Although reduced representation technologies (such as RAD-seq) are becoming widely available, high-resolution datasets are still considered rare, particularly for forest tree species without reference genomes. The number of studies based on genome-wide SNP data is increasing in oak genetics, though mainly for white oaks. This dataset delivers highly polymorphic SNP markers for Turkey oak belonging to the group of Old World oaks for the first time. In addition, the sampling area affected the genetically highly diverse but scarcely studied Pannonian and Balkan regions. Since this dataset was generated in the same way as the recently published SNP dataset of sessile oak (Tóth et al. 2021) covering the same geographic regions, there is a unique opportunity for the comparative study of the two genetically relatively distant oak species.

For a preliminary population genetic overview basic descriptive indices were computed by using packages “adegenet” (Jombart and Ahmed 2011), “hierfstat” (Goudet and Jombart 2022), and “poppr” (Kamvar et al. 2014) in the statistical software R (R Core Team 2022). Table 3 summarizes the within-population values of observed heterozygosity (Ho), gene diversity (Hs), and the inbreeding coefficient (Fis) following Nei (1987). The calculated indices were compared with the same values from the sessile oak dataset (Tóth et al. 2021), as no such data are currently available for Turkey oak. According to the comparison, indices of Turkey oak populations were quite similar to the values of sessile oak populations except for the Fis values, which are higher in this case. According to the calculated 95% confidence intervals for mean Fis, the inbreeding coefficient is significantly greater than zero in each population. However, note only preliminary filtering was carried out on this dataset to ensure more flexible use. Accordingly, careful filtering may needed before population genetic analysis in line with the objectives of the given study.

Table 3 Population genetic indices by populations for the de novo and reference mapped datasets (where, Ho = observed heterozygosity, Hs = gene diversity, Fis = inbreeding coefficient by Nei (1987), and CI = 95% confidence interval for mean Fis)

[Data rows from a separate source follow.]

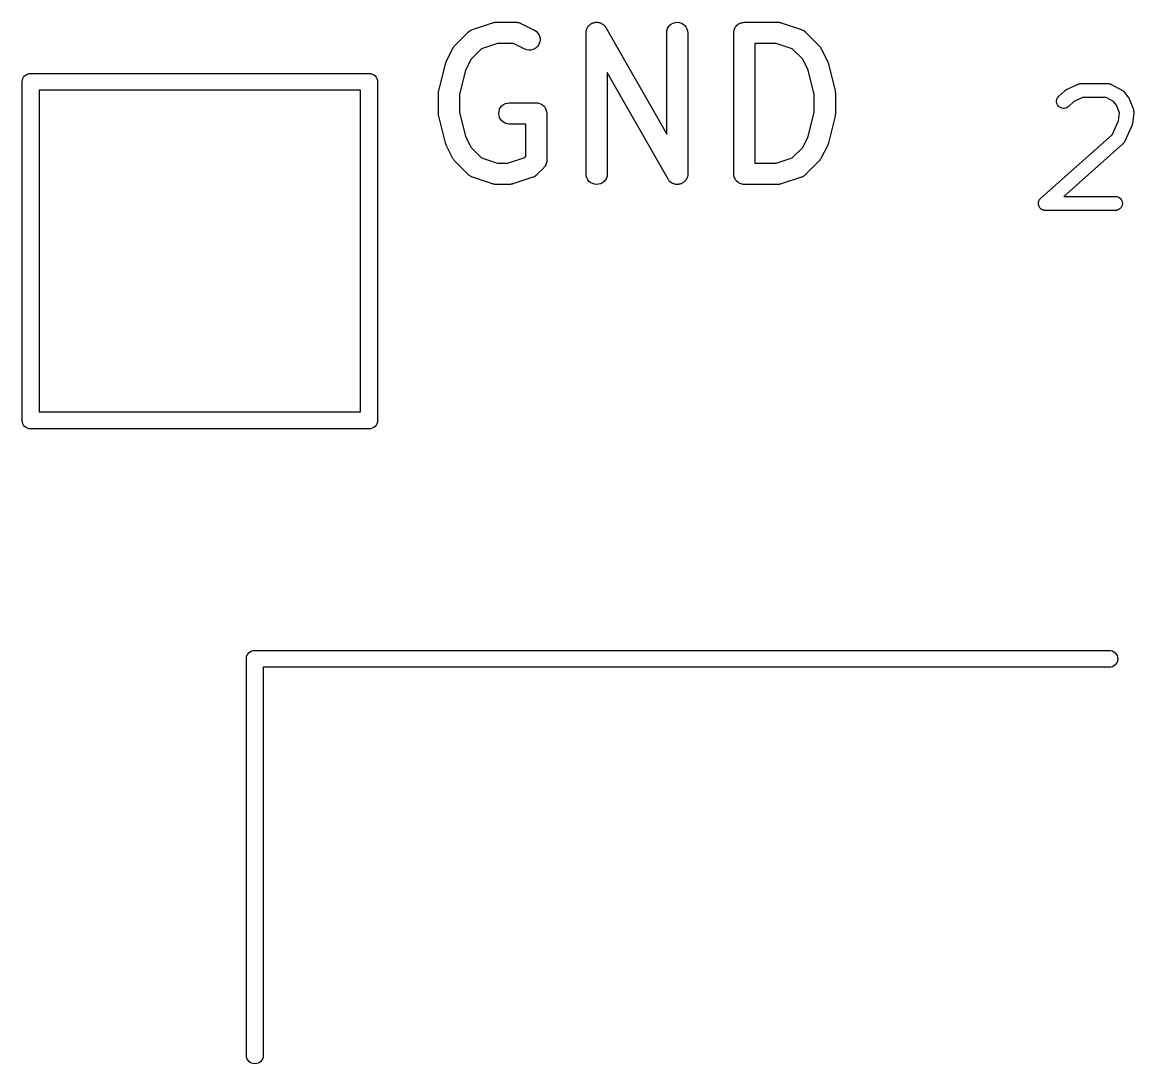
# Model space of a CAD drawing. Extents: x 156.4 to 200.3, y -120.7 to -71.6.
# Drawn here: x 184.24 to 192.12, y -103.76 to -96.38 of the extents above; entities that cross this region are included whole.
import ezdxf

# ---------------------------------------------------------------- set-up
doc = ezdxf.new("R2010")
doc.units = 0
doc.layers.add('BLACK', color=7, linetype='CONTINUOUS')

msp = doc.modelspace()

# ---------------------------------------------------------------- linework, layer by layer
at = {"layer": 'BLACK', "linetype": 'CONTINUOUS'}
for p, q in [((187.433, -96.4288), (187.576, -96.3812)), ((187.576, -96.3812), (187.577, -96.3809)), ((187.577, -96.3809), (187.581, -96.38)), ((187.581, -96.38), (187.585, -96.3788)), ((187.585, -96.3788), (187.589, -96.3785)), ((187.589, -96.3785), (187.592, -96.3779)), ((187.592, -96.3779), (187.596, -96.3778)), ((187.596, -96.3778), (187.6, -96.3774)), ((187.6, -96.3774), (187.743, -96.3774)), ((187.743, -96.3774), (187.744, -96.3774)), ((187.744, -96.3774), (187.746, -96.3776)), ((187.746, -96.3776), (187.748, -96.3776)), ((187.748, -96.3776), (187.753, -96.3784)), ((187.753, -96.3784), (187.758, -96.379)), ((187.758, -96.379), (187.761, -96.3797)), ((187.761, -96.3797), (187.763, -96.3801)), ((187.763, -96.3801), (187.768, -96.3819)), ((187.768, -96.3819), (187.772, -96.3834)), ((187.772, -96.3834), (187.774, -96.3845)), ((187.774, -96.3845), (187.776, -96.3853)), ((187.776, -96.3853), (187.872, -96.4329)), ((188.245, -96.4228), (188.247, -96.4206)), ((188.247, -96.4183), (188.25, -96.4142)), ((188.247, -96.4206), (188.247, -96.4183)), ((188.25, -96.4142), (188.252, -96.41)), ((188.252, -96.41), (188.254, -96.4081)), ((188.254, -96.4081), (188.255, -96.4059)), ((188.255, -96.4059), (188.259, -96.4025)), ((188.259, -96.4025), (188.262, -96.3988)), ((188.262, -96.3988), (188.264, -96.3972)), ((188.264, -96.3972), (188.266, -96.3954)), ((188.266, -96.3954), (188.269, -96.3926)), ((188.269, -96.3926), (188.273, -96.3896)), ((188.273, -96.3896), (188.275, -96.3885)), ((188.275, -96.3885), (188.278, -96.387)), ((188.278, -96.387), (188.282, -96.3851)), ((188.282, -96.3851), (188.286, -96.3828)), ((188.286, -96.3828), (188.289, -96.3821)), ((188.289, -96.3821), (188.291, -96.3811)), ((188.291, -96.3811), (188.296, -96.3801)), ((188.296, -96.3801), (188.3, -96.3787)), ((188.3, -96.3787), (188.303, -96.3785)), ((188.303, -96.3785), (188.305, -96.3779)), ((188.305, -96.3779), (188.31, -96.3778)), ((188.31, -96.3778), (188.315, -96.3774)), ((188.315, -96.3774), (188.317, -96.3776)), ((188.317, -96.3776), (188.32, -96.3776)), ((188.32, -96.3776), (188.325, -96.3784)), ((188.325, -96.3784), (188.329, -96.3789)), ((188.329, -96.3789), (188.332, -96.3797)), ((188.332, -96.3797), (188.334, -96.3801)), ((188.334, -96.3801), (188.339, -96.3818)), ((188.339, -96.3818), (188.343, -96.3832)), ((188.343, -96.3832), (188.346, -96.3844)), ((188.346, -96.3844), (188.348, -96.3854)), ((188.348, -96.3854), (188.352, -96.3879)), ((188.352, -96.3879), (188.356, -96.3902)), ((188.356, -96.3902), (188.358, -96.3918)), ((188.358, -96.3918), (188.36, -96.3932)), ((188.36, -96.3932), (188.364, -96.3965)), ((188.364, -96.3965), (188.368, -96.3995)), ((188.368, -96.3995), (188.369, -96.4015)), ((188.369, -96.4015), (188.371, -96.4032)), ((188.371, -96.4032), (188.374, -96.4072)), ((188.374, -96.4072), (188.377, -96.4109)), ((188.377, -96.4109), (188.378, -96.4131)), ((188.378, -96.4131), (188.379, -96.4152)), ((188.379, -96.4152), (188.811, -97.17)), ((188.817, -96.4228), (188.824, -96.41)), ((188.824, -96.41), (188.833, -96.3988)), ((188.833, -96.3988), (188.845, -96.3896)), ((188.845, -96.3896), (188.858, -96.3828)), ((188.858, -96.3828), (188.872, -96.3787)), ((188.872, -96.3787), (188.886, -96.3774)), ((188.886, -96.3774), (188.901, -96.3789)), ((188.901, -96.3789), (188.915, -96.3832)), ((188.915, -96.3832), (188.928, -96.3902)), ((188.928, -96.3902), (188.939, -96.3995)), ((188.939, -96.3995), (188.948, -96.4109)), ((188.948, -96.4109), (188.955, -96.4238)), ((189.293, -96.4228), (189.296, -96.4166)), ((189.296, -96.4166), (189.3, -96.4104)), ((189.3, -96.41), (189.305, -96.4046)), ((189.3, -96.4102), (189.3, -96.41)), ((189.3, -96.4104), (189.3, -96.4102)), ((189.305, -96.4046), (189.309, -96.3992)), ((189.309, -96.3988), (189.315, -96.3944)), ((189.309, -96.399), (189.309, -96.3988)), ((189.309, -96.3992), (189.309, -96.399)), ((189.315, -96.3944), (189.32, -96.3899)), ((189.32, -96.3899), (189.321, -96.3898)), ((189.321, -96.3896), (189.327, -96.3864)), ((189.321, -96.3898), (189.321, -96.3896)), ((189.327, -96.3864), (189.333, -96.383)), ((189.333, -96.383), (189.334, -96.383)), ((189.334, -96.3828), (189.341, -96.3808)), ((189.334, -96.383), (189.334, -96.3828)), ((189.341, -96.3808), (189.347, -96.3788)), ((189.347, -96.3788), (189.348, -96.3788)), ((189.348, -96.3787), (189.355, -96.3781)), ((189.348, -96.3788), (189.348, -96.3787)), ((189.355, -96.3781), (189.362, -96.3774)), ((189.362, -96.3774), (189.6, -96.3774)), ((189.6, -96.3774), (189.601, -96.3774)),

Using the more than 17 K de novo and 26 K reference mapped highly polymorphic SNP markers creates several opportunities to study population genetic and genomic aspects of Turkey oak. The gene flow and spatial genetic structure of populations can be investigated in depth by considering geographic locations. In addition, high-resolution SNPs enable the fine-scale study of kinship networks inside populations and hybridization. On a larger temporal scale, discovering phylogeography and mapping glacial refugia and postglacial migration routes tracking the consequences of ancient hybridization and population migration (contraction and re-expansion) events become possible. Combining the reference-mapped dataset with climatic data also gives opportunities for genome-wide association studies.

Nevertheless, we draw the attention of future users that, as with every reduced representation method generated dataset, population genetic inference taken from this dataset should also be treated with particular care since these methods (such as ddRAD-seq) often introduce biases (Arnold et al. 2013; Cariou et al. 2016). Although RAD-seq generated data may have more adverse attributes concerning phylogeny estimation (short loci, low coverage and SNP density, non-random sampling because of the polymorphisms of restriction sites), with appropriate data care, the method is suitable for phylogenetic studies as well (Cariou et al. 2013; Hühn et al. 2022).